Could you print all the entries below exactly as they appear, omitting the pictures?

ENTRIES SHOWN section start

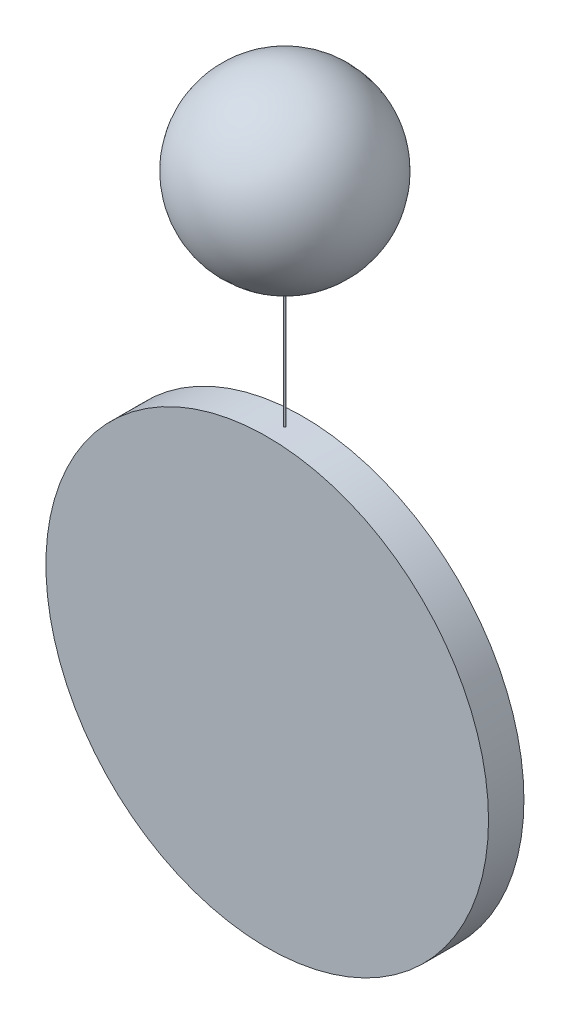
from build123d import *

# Parameters (mm, degrees)
SKETCH2_R           = 3
CUT_EXTRUDE1_DEPTH  = 9.660254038
SKETCH3_R           = 3
CUT_EXTRUDE2_DEPTH  = 9.660254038
SKETCH5_R           = 0.05
BOSS_EXTRUDE2_DEPTH = 25
SKETCH8_R           = 12.5001
BOSS_EXTRUDE5_DEPTH = 1


with BuildPart() as part:
    # Sketch1 → Base-Revolve (revolve)
    with BuildSketch(Plane.XY):
        with BuildLine():
            Line((5, 0), (-5, 0))
            ThreePointArc((-5, 0), (0, -5), (5, 0))
        make_face()
    revolve(axis=Axis((-5, 0, 0), (-1, 0, 0)))

    # Sketch2 → Cut-Extrude1 (cut, through all)
    with BuildSketch(Plane.XY):
        Circle(SKETCH2_R)
    extrude(amount=-CUT_EXTRUDE1_DEPTH, mode=Mode.SUBTRACT)

    # Sketch3 → Cut-Extrude2 (cut, through all)
    with BuildSketch(Plane(origin=(0, 0, 0), x_dir=(1, 0, 0), z_dir=(0, 1, 0))):
        with Locations(Location((0, 0, 0), (0, 0, 270))):
            Circle(SKETCH3_R)
    extrude(amount=-CUT_EXTRUDE2_DEPTH, mode=Mode.SUBTRACT)

    # Sketch5 → Boss-Extrude2 (add)
    with BuildSketch(Plane(origin=(0, 0, 0), x_dir=(1, 0, 0), z_dir=(0, 1, 0))):
        with Locations(Location((0, 0, 0), (0, 0, 270))):
            Circle(SKETCH5_R)
    extrude(amount=-BOSS_EXTRUDE2_DEPTH)

    # Sketch8 → Boss-Extrude5 (add, symmetric)
    with BuildSketch(Plane.XY):
        with Locations((0, -25)):
            Circle(SKETCH8_R)
    extrude(amount=BOSS_EXTRUDE5_DEPTH, both=True)


solid = part.part
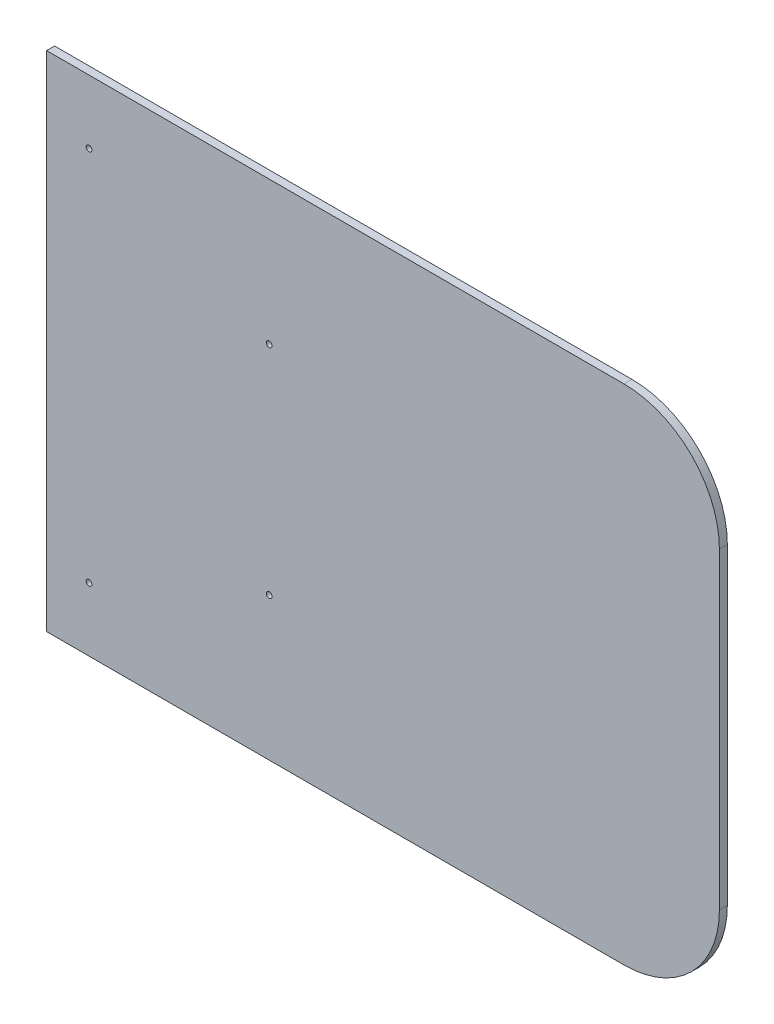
from build123d import *

# Parameters (mm, degrees)
SKETCH1_W      = 806.45
SKETCH1_H      = 603.25
EXTRUDE1_DEPTH = 4.7625
SKETCH2_R      = 3.429
EXTRUDE2_DEPTH = 504.64547737
FILLET1_R      = 114.3


with BuildPart() as part:
    # Sketch1 → Extrude1 (new, symmetric)
    with BuildSketch(Plane.XY):
        Rectangle(SKETCH1_W, SKETCH1_H)
    extrude(amount=EXTRUDE1_DEPTH, both=True)

    # Sketch2 → Extrude2 (cut, through all)
    with BuildSketch(Plane.XY.offset(4.7625)):
        with Locations((-352.425, 225.425)):
            Circle(SKETCH2_R)
        with Locations((-352.425, -225.425)):
            Circle(SKETCH2_R)
        with Locations((-136.525, -130.175)):
            Circle(SKETCH2_R)
        with Locations((-136.525, 130.175)):
            Circle(SKETCH2_R)
    extrude(amount=-EXTRUDE2_DEPTH, mode=Mode.SUBTRACT)

    # Fillet1
    fillet1_edges = [part.edges().sort_by_distance(p)[0] for p in [
        (403.225, -301.625, 0),
        (403.225, 301.625, 0),
    ]]
    fillet(fillet1_edges, radius=FILLET1_R)


solid = part.part

ENTRIES SHOWN section end

REPLY TO THE TASK:
from build123d import *

# Parameters (mm, degrees)
SKETCH2_R           = 3
CUT_EXTRUDE1_DEPTH  = 9.660254038
SKETCH3_R           = 3
CUT_EXTRUDE2_DEPTH  = 9.660254038
SKETCH5_R           = 0.05
BOSS_EXTRUDE2_DEPTH = 25
SKETCH8_R           = 12.5001
BOSS_EXTRUDE5_DEPTH = 1


with BuildPart() as part:
    # Sketch1 → Base-Revolve (revolve)
    with BuildSketch(Plane.XY):
        with BuildLine():
            Line((5, 0), (-5, 0))
            ThreePointArc((-5, 0), (0, -5), (5, 0))
        make_face()
    revolve(axis=Axis((-5, 0, 0), (-1, 0, 0)))

    # Sketch2 → Cut-Extrude1 (cut, through all)
    with BuildSketch(Plane.XY):
        Circle(SKETCH2_R)
    extrude(amount=-CUT_EXTRUDE1_DEPTH, mode=Mode.SUBTRACT)

    # Sketch3 → Cut-Extrude2 (cut, through all)
    with BuildSketch(Plane(origin=(0, 0, 0), x_dir=(1, 0, 0), z_dir=(0, 1, 0))):
        with Locations(Location((0, 0, 0), (0, 0, 270))):
            Circle(SKETCH3_R)
    extrude(amount=-CUT_EXTRUDE2_DEPTH, mode=Mode.SUBTRACT)

    # Sketch5 → Boss-Extrude2 (add)
    with BuildSketch(Plane(origin=(0, 0, 0), x_dir=(1, 0, 0), z_dir=(0, 1, 0))):
        with Locations(Location((0, 0, 0), (0, 0, 270))):
            Circle(SKETCH5_R)
    extrude(amount=-BOSS_EXTRUDE2_DEPTH)

    # Sketch8 → Boss-Extrude5 (add, symmetric)
    with BuildSketch(Plane.XY):
        with Locations((0, -25)):
            Circle(SKETCH8_R)
    extrude(amount=BOSS_EXTRUDE5_DEPTH, both=True)


solid = part.part
from build123d import *

# Parameters (mm, degrees)
SKETCH1_W      = 806.45
SKETCH1_H      = 603.25
EXTRUDE1_DEPTH = 4.7625
SKETCH2_R      = 3.429
EXTRUDE2_DEPTH = 504.64547737
FILLET1_R      = 114.3


with BuildPart() as part:
    # Sketch1 → Extrude1 (new, symmetric)
    with BuildSketch(Plane.XY):
        Rectangle(SKETCH1_W, SKETCH1_H)
    extrude(amount=EXTRUDE1_DEPTH, both=True)

    # Sketch2 → Extrude2 (cut, through all)
    with BuildSketch(Plane.XY.offset(4.7625)):
        with Locations((-352.425, 225.425)):
            Circle(SKETCH2_R)
        with Locations((-352.425, -225.425)):
            Circle(SKETCH2_R)
        with Locations((-136.525, -130.175)):
            Circle(SKETCH2_R)
        with Locations((-136.525, 130.175)):
            Circle(SKETCH2_R)
    extrude(amount=-EXTRUDE2_DEPTH, mode=Mode.SUBTRACT)

    # Fillet1
    fillet1_edges = [part.edges().sort_by_distance(p)[0] for p in [
        (403.225, -301.625, 0),
        (403.225, 301.625, 0),
    ]]
    fillet(fillet1_edges, radius=FILLET1_R)


solid = part.part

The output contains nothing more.